▶ [Activity]:
Set down exactly the lines from the first line of the records through the line that contains "for name, color, linetype", and leave every picture out.

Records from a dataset

* * *

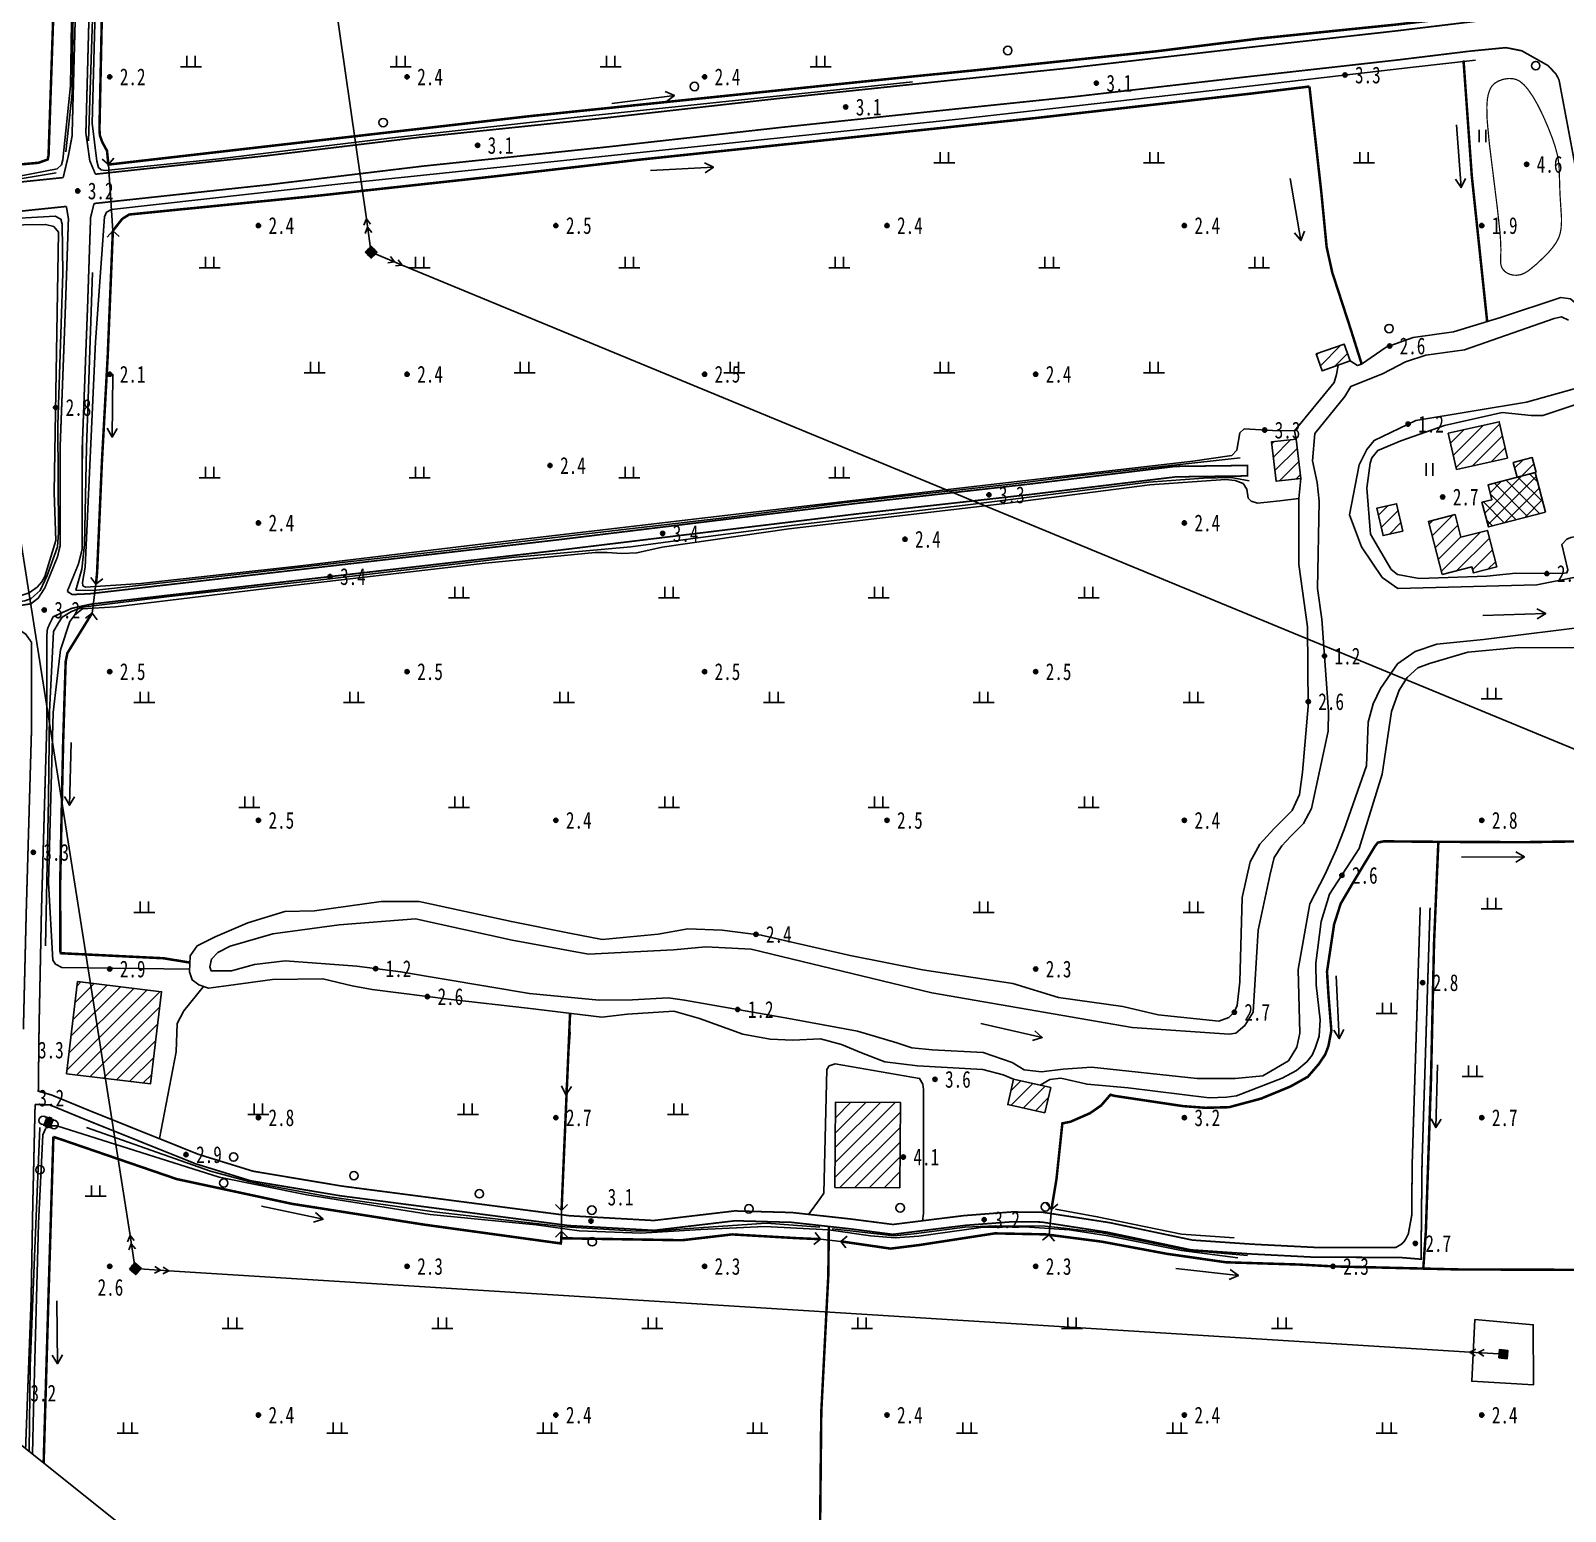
# Model space of a CAD drawing. Header units: metres. Extents: x 494039 to 619385, y 3351420 to 3402703.
# Drawn here: x 582131.6 to 582497.2, y 3396164.6 to 3396517.3 of the extents above; entities that cross this region are included whole.
import ezdxf
from ezdxf.enums import TextEntityAlignment as Align

# ---------------------------------------------------------------- set-up
doc = ezdxf.new("R2010")
doc.units = ezdxf.units.M
for name, pattern in [('2180', [0]), ('2450', [0]), ('4430', [0]), ('8521', [0]), ('9376', [0])]:
    doc.linetypes.add(name, pattern=pattern)
for name, color, linetype in [('210100', 130, 'Continuous'), ('220200', 130, 'Continuous'), ('220900', 130, '2180'), ('261301', 141, 'Continuous'), ('310300', 8, 'Continuous'), ('310500', 8, 'Continuous'), ('380202', 8, '2450'), ('420500', 8, 'Continuous'), ('440300', 8, '4430'), ('510301', 8, 'Continuous'), ('510303', 8, 'Continuous'), ('510402', 8, 'Continuous'), ('541000', 8, 'Continuous'), ('720100', 8, 'Continuous'), ('760201', 8, '8521'), ('810302', 8, 'Continuous'), ('810510', 8, 'Continuous'), ('810600', 8, 'Continuous'), ('范围线', 8, 'Continuous')]:
    doc.layers.add(name, color=color, linetype=linetype)
doc.layers.add('710101', color=8, linetype='Continuous', lineweight=0)
pattern_1 = [(45, (0, 0), (-1.767766953, 1.767766953), [])]

# ---------------------------------------------------------------- blocks, each defined once
blk = doc.blocks.new('gc170')
at = {"linetype": 'Continuous'}
blk.add_circle((0, 0), 0.5, dxfattribs=at)
blk = doc.blocks.new('gc002')
at = {"linetype": 'Continuous'}
blk.add_hatch(color=256, dxfattribs=at).paths.add_polyline_path([(0.5, 0.5), (-0.5, 0.5), (-0.5, -0.5), (0.5, -0.5)])
blk.add_lwpolyline([(-0.5, -0.5), (0.5, -0.5), (0.5, 0.5), (-0.5, 0.5), (-0.5, -0.5)])
blk = doc.blocks.new('gu')
at = {"flags": 128}
for points in [[(3.75, 0), (-3.75, 0)], [(2.71, -0.6), (3.75, 0), (3.75, 0), (2.71, 0.6)]]:
    blk.add_lwpolyline(points, dxfattribs=at)
blk = doc.blocks.new('p_point')
for radius in [0.25, 0.2, 0.15, 0.1, 0.05]:
    blk.add_circle((0, 0), radius)
blk.add_point((0, 0))
blk = doc.blocks.new('ve')
at = {"color": 0, "linetype": 'Continuous'}
for p, q in [((-0.4, 1.5), (-0.4, 0)), ((0.4, 0), (0.4, 1.5))]:
    blk.add_line(p, q, dxfattribs=at)
blk = doc.blocks.new('vm')
at = {"linetype": 'Continuous'}
for p, q in [((1.25, 0), (-1.25, 0)), ((-0.5, 0), (-0.5, 1.3)), ((0.5, 1.3), (0.5, 0))]:
    blk.add_line(p, q, dxfattribs=at)
blk = doc.blocks.new('gc013a')
at = {"linetype": 'Continuous'}
blk.add_line((0.5, 0), (4, 0), dxfattribs=at)
at = {"linetype": 'Continuous', "flags": 128}
for points in [[(2.31, -0.4), (3, 0), (2.31, 0.4)], [(3.31, -0.4), (4, 0), (3.31, 0.4)]]:
    blk.add_lwpolyline(points, dxfattribs=at)
blk = doc.blocks.new('1-3&1-4')
at = {"layer": '310300', "linetype": 'Continuous'}
h = blk.add_hatch(dxfattribs=at)
h.set_pattern_fill('ANSI31', color=8, scale=20, style=0)
h.set_pattern_definition(pattern_1)
h.paths.add_polyline_path([(582445.969, 3396438.6558), (582444.555, 3396442.6657), (582437.8964, 3396440.3176), (582439.3104, 3396436.3077)])
h = blk.add_hatch(dxfattribs=at)
h.set_pattern_fill('ANSI31', color=8, scale=20, style=0)
h.set_pattern_definition(pattern_1)
h.paths.add_polyline_path([(582471.3104, 3396412.7835), (582469.3664, 3396421.4243), (582481.5271, 3396424.1602), (582483.4711, 3396415.5194)])
h = blk.add_hatch(dxfattribs=at)
h.set_pattern_fill('ANSI31', color=8, scale=20, style=0)
h.set_pattern_definition(pattern_1)
h.paths.add_polyline_path([(582434.2024, 3396410.6614), (582428.335, 3396409.9667), (582427.2249, 3396419.3425), (582433.0924, 3396420.0371)])
h = blk.add_hatch(dxfattribs=at)
h.set_pattern_fill('ANSI31', color=8, scale=20, style=0)
h.set_pattern_definition(pattern_1)
h.paths.add_polyline_path([(582490.2879, 3396412.1022), (582489.3758, 3396415.6123), (582484.8284, 3396414.4307), (582485.7404, 3396410.9206)])
h = blk.add_hatch(dxfattribs=at)
h.set_pattern_fill('ANSI31', color=8, scale=20, style=0)
h.set_pattern_definition(pattern_1)
h.paths.add_polyline_path([(582458.5262, 3396398.0799), (582453.8295, 3396397.0311), (582452.3682, 3396403.5752), (582457.0648, 3396404.624)])
h = blk.add_hatch(dxfattribs=at)
h.set_pattern_fill('ANSI31', color=8, scale=20, style=0)
h.set_pattern_definition(pattern_1)
h.paths.add_polyline_path([(582467.8844, 3396387.7531), (582475.0113, 3396389.5768), (582475.3773, 3396388.1467), (582480.9201, 3396389.565), (582478.6896, 3396398.2821), (582472.3597, 3396396.6624), (582470.9825, 3396402.0447), (582464.6426, 3396400.4224)])
h = blk.add_hatch(dxfattribs=at)
h.set_pattern_fill('ANSI31', color=8, scale=20, style=0)
h.set_pattern_definition(pattern_1)
h.paths.add_polyline_path([(582140.1637, 3396268.8222), (582160.1904, 3396266.4196), (582162.8237, 3396288.3697), (582142.7971, 3396290.7723)])
h = blk.add_hatch(dxfattribs=at)
h.set_pattern_fill('ANSI31', color=8, scale=20, style=0)
h.set_pattern_definition(pattern_1)
h.paths.add_polyline_path([(582373.2854, 3396259.4767), (582374.6478, 3396265.5034), (582365.7613, 3396267.5123), (582364.3989, 3396261.4856)])
h = blk.add_hatch(dxfattribs=at)
h.set_pattern_fill('ANSI31', color=8, scale=20, style=0)
h.set_pattern_definition(pattern_1)
h.paths.add_polyline_path([(582338.6966, 3396241.61), (582323.2216, 3396241.7462), (582323.4003, 3396262.0615), (582338.8754, 3396261.9254)])
at = {"layer": '310500', "linetype": 'Continuous'}
h = blk.add_hatch(dxfattribs=at)
h.set_pattern_fill('ANSI37', color=8, scale=20, style=0)
h.set_pattern_definition([(45, (0, 0), (-1.767766953, 1.767766953), []), (135, (0, 0), (-1.767766953, -1.767766953), [])])
h.paths.add_polyline_path([(582492.5063, 3396402.6306), (582490.0606, 3396412.0432), (582478.835, 3396409.1264), (582479.7546, 3396405.5872), (582477.3826, 3396404.9709), (582478.9087, 3396399.0975)])
at = {"layer": '210100', "color": 141, "linetype": 'Continuous', "flags": 128}
for points in [[(582500.0874, 3396387.2451), (582490.4793, 3396385.3101), (582457.3818, 3396384.4491), (582453.5793, 3396387.0708), (582448.692, 3396394.3344), (582445.8121, 3396402.0091), (582448.1724, 3396413.8596), (582449.9562, 3396417.5519), (582451.676, 3396419.6627), (582461.6223, 3396424.4714), (582488.0222, 3396428.796), (582499.3719, 3396432.0321)], [(582498.0371, 3396448.4003), (582496.3744, 3396449.1792), (582494.5928, 3396448.7811), (582473.202, 3396441.2959), (582463.9814, 3396440.0077), (582459.1983, 3396438.4026), (582453.8216, 3396435.6834), (582446.1551, 3396432.5822), (582444.6962, 3396430.1586), (582437.5437, 3396421.332), (582437.0458, 3396414.8749), (582438.1131, 3396409.6824), (582438.5872, 3396405.2114), (582438.1872, 3396384.415), (582439.2328, 3396377.1037), (582440.833, 3396355.1439), (582440.7516, 3396350.416), (582436.758, 3396332.0009), (582434.886, 3396328.475), (582431.7726, 3396325.3282), (582429.721, 3396323.1344), (582427.8582, 3396320.3374), (582426.9398, 3396316.3606), (582424.0762, 3396303.0264), (582422.8758, 3396283.4872), (582420.9139, 3396280.3213), (582418.7724, 3396278.4875), (582417.153, 3396278.2372), (582394.0514, 3396279.8261), (582346.296, 3396288.1231), (582303.3022, 3396298.46), (582292.4816, 3396299.069), (582284.8052, 3396298.3611), (582264.5425, 3396297.3282), (582246.3458, 3396300.6526), (582223.3078, 3396305.6957), (582205.1362, 3396304.3289)], [(582205.1362, 3396304.3289), (582189.3378, 3396302.171), (582179.1246, 3396299.2249), (582176.1848, 3396297.6964), (582174.6869, 3396296.1186), (582174.3363, 3396294.314), (582174.6462, 3396293.3013), (582179.4511, 3396293.3619), (582184.9286, 3396294.8413), (582192.2293, 3396295.6958), (582209.3499, 3396294.408), (582219.7641, 3396293.102), (582250.4486, 3396287.9066), (582267.0568, 3396286.3571), (582275.0042, 3396286.4437), (582283.5455, 3396286.9078), (582287.4195, 3396286.3463), (582312.2466, 3396281.99), (582328.6002, 3396278.9536), (582337.9508, 3396276.1691), (582341.567, 3396275.0045), (582346.4384, 3396274.5502), (582358.5298, 3396273.8785), (582365.4388, 3396271.4684), (582368.3399, 3396269.7238), (582372.4694, 3396269.2606), (582377.6383, 3396269.917), (582384.3458, 3396270.3828), (582409.5141, 3396267.6593), (582418.6241, 3396267.6906), (582425.171, 3396268.3378), (582431.2728, 3396271.9193), (582433.2845, 3396275.1172), (582434.0005, 3396278.4514), (582433.5863, 3396293.6605), (582436.3844, 3396309.3256), (582439.949, 3396316.181), (582442.6361, 3396322.1865), (582444.5942, 3396326.9776), (582449.8611, 3396342.1751), (582450.3085, 3396352.557), (582451.4566, 3396356.9168), (582453.2255, 3396360.6279), (582457.2764, 3396366.4532), (582461.4618, 3396369.4433), (582466.6046, 3396371.1262), (582477.7809, 3396372.3042), (582504.4915, 3396375.584)]]:
    blk.add_lwpolyline(points, dxfattribs=at)
at = {"layer": '220200', "color": 141, "linetype": 'Continuous', "const_width": 0.6, "flags": 128}
for points in [[(582477.7512, 3396521.2), (582457.1224, 3396518.8077), (582424.4428, 3396515.4723), (582399.8728, 3396512.4311), (582356.763, 3396507.9113), (582341.6994, 3396506.4196), (582250.3927, 3396496.9548), (582150.1531, 3396485.4266), (582149.8123, 3396488.7156), (582148.676, 3396490.787), (582148.1151, 3396492.3924), (582148.0149, 3396493.8521), (582148.6466, 3396523.6134), (582149.4119, 3396569.3652), (582150.3766, 3396590.4224)], [(582138.7237, 3396577.2333), (582137.282, 3396529.0116), (582135.8874, 3396487.6), (582135.6724, 3396486.6321), (582133.4619, 3396485.8517), (582106.3471, 3396483.449), (582096.226, 3396482.0143), (582079.097, 3396478.8324), (582068.1128, 3396474.8905), (582057.1012, 3396469.223)], [(582478.6298, 3396448.016), (582474.9644, 3396482.7137), (582472.9958, 3396510.2373)], [(582151.2068, 3396469.6515), (582153.4339, 3396472.4868), (582155.1079, 3396473.536), (582199.7697, 3396477.9836), (582242.0997, 3396482.6151), (582276.3184, 3396486.5612), (582371.2035, 3396496.5371), (582422.3085, 3396502.3374), (582436.2854, 3396504.0275)], [(582448.7272, 3396437.9019), (582446.1755, 3396446.0252), (582441.7311, 3396459.6924), (582440.3844, 3396465.7739), (582439.1262, 3396478.7285), (582436.2854, 3396504.0275)], [(582151.2068, 3396469.6515), (582149.9829, 3396439.8206), (582148.6067, 3396414.7218), (582147.4526, 3396388.2577), (582147.191, 3396385.4803)], [(582146.2568, 3396378.5586), (582140.375, 3396369.0363), (582139.9645, 3396367.0087), (582139.3609, 3396347.7316), (582138.6599, 3396314.3785), (582138.6896, 3396298.0341), (582138.8152, 3396297.5305), (582163.2809, 3396296.3288), (582169.5697, 3396295.3022)], [(582513.9927, 3396324.3808), (582487.1373, 3396323.9832), (582467.0008, 3396324.0759), (582453.9923, 3396324.189), (582452.5575, 3396323.8774), (582451.8346, 3396322.9178), (582446.8136, 3396314.5803), (582443.727, 3396309.3205), (582442.1615, 3396304.3937), (582440.4743, 3396293.1668), (582440.8208, 3396287.5807), (582441.5059, 3396279.1018), (582440.817, 3396275.4377), (582440.041, 3396273.3835), (582438.449, 3396271.042), (582435.8931, 3396268.086), (582431.7456, 3396265.7713), (582424.7337, 3396262.8805), (582417.1358, 3396260.8449), (582411.5001, 3396260.7022), (582406.1882, 3396261.0987), (582389.9429, 3396263.5294), (582388.8712, 3396263.807), (582386.6618, 3396261.2602), (582384.0278, 3396259.4222), (582379.3806, 3396257.3886), (582377.4207, 3396256.9849), (582376.0144, 3396243.6647), (582374.8258, 3396236.5018)], [(582463.4104, 3396222.3945), (582464.0185, 3396231.2141), (582465.2579, 3396267.8674), (582465.9733, 3396300.0392), (582467.0008, 3396324.0759)], [(582137.0352, 3396253.7968), (582135.8631, 3396215.4927), (582134.7186, 3396176.0276)], [(582258.0736, 3396229.6231), (582286.802, 3396229.1474), (582298.7576, 3396230.5362), (582313.9476, 3396229.657), (582319.7813, 3396229.401)], [(582324.608, 3396228.8834), (582336.4905, 3396227.1528), (582343.4932, 3396228.0288), (582361.3365, 3396230.7832), (582373.4269, 3396230.5457), (582386.7672, 3396228.8148), (582402.3907, 3396225.9025), (582416.4143, 3396223.894), (582433.806, 3396223.3567), (582441.9167, 3396222.9162), (582471.7632, 3396222.1917), (582520.6673, 3396222.0233), (582541.3649, 3396220.0746)]]:
    blk.add_lwpolyline(points, dxfattribs=at)
at = {"layer": '220200', "color": 141, "linetype": 'Continuous', "const_width": 0.6, "elevation": 2.1792, "flags": 128}
for points in [[(582258.1062, 3396236.2551), (582260.1394, 3396283.2041)], [(582137.0352, 3396253.7968), (582166.416, 3396243.721), (582193.9335, 3396237.811), (582225.3359, 3396232.868), (582257.9249, 3396228.3821), (582258.0736, 3396229.6231)], [(582258.0736, 3396229.6231), (582258.0818, 3396231.2927)]]:
    blk.add_lwpolyline(points, dxfattribs=at)
at = {"layer": '220900', "color": 141, "linetype": 'Continuous'}
for p, q in [((582150.1531, 3396485.4266), (582148.6478, 3396486.7434)), ((582150.1531, 3396485.4266), (582151.4699, 3396486.9319)), ((582151.2068, 3396469.6515), (582149.89, 3396468.1462)), ((582151.2068, 3396469.6515), (582152.7121, 3396468.3347)), ((582147.191, 3396385.4803), (582145.9787, 3396387.071)), ((582147.191, 3396385.4803), (582148.7817, 3396386.6926)), ((582146.2568, 3396378.5586), (582144.6661, 3396377.3463)), ((582146.2568, 3396378.5586), (582147.4691, 3396376.9679)), ((582258.1062, 3396236.2551), (582256.699, 3396237.6763)), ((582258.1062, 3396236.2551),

* * *

▶ [Response]:
# Model space of a CAD drawing. Header units: metres. Extents: x 494039 to 619385, y 3351420 to 3402703.
# Drawn here: x 582131.6 to 582497.2, y 3396164.6 to 3396517.3 of the extents above; entities that cross this region are included whole.
import ezdxf
from ezdxf.enums import TextEntityAlignment as Align

# ---------------------------------------------------------------- set-up
doc = ezdxf.new("R2010")
doc.units = ezdxf.units.M
for name, pattern in [('2180', [0]), ('2450', [0]), ('4430', [0]), ('8521', [0]), ('9376', [0])]:
    doc.linetypes.add(name, pattern=pattern)
for name, color, linetype in [('210100', 130, 'Continuous'), ('220200', 130, 'Continuous'), ('220900', 130, '2180'), ('261301', 141, 'Continuous'), ('310300', 8, 'Continuous'), ('310500', 8, 'Continuous'), ('380202', 8, '2450'), ('420500', 8, 'Continuous'), ('440300', 8, '4430'), ('510301', 8, 'Continuous'), ('510303', 8, 'Continuous'), ('510402', 8, 'Continuous'), ('541000', 8, 'Continuous'), ('720100', 8, 'Continuous'), ('760201', 8, '8521'), ('810302', 8, 'Continuous'), ('810510', 8, 'Continuous'), ('810600', 8, 'Continuous'), ('范围线', 8, 'Continuous')]:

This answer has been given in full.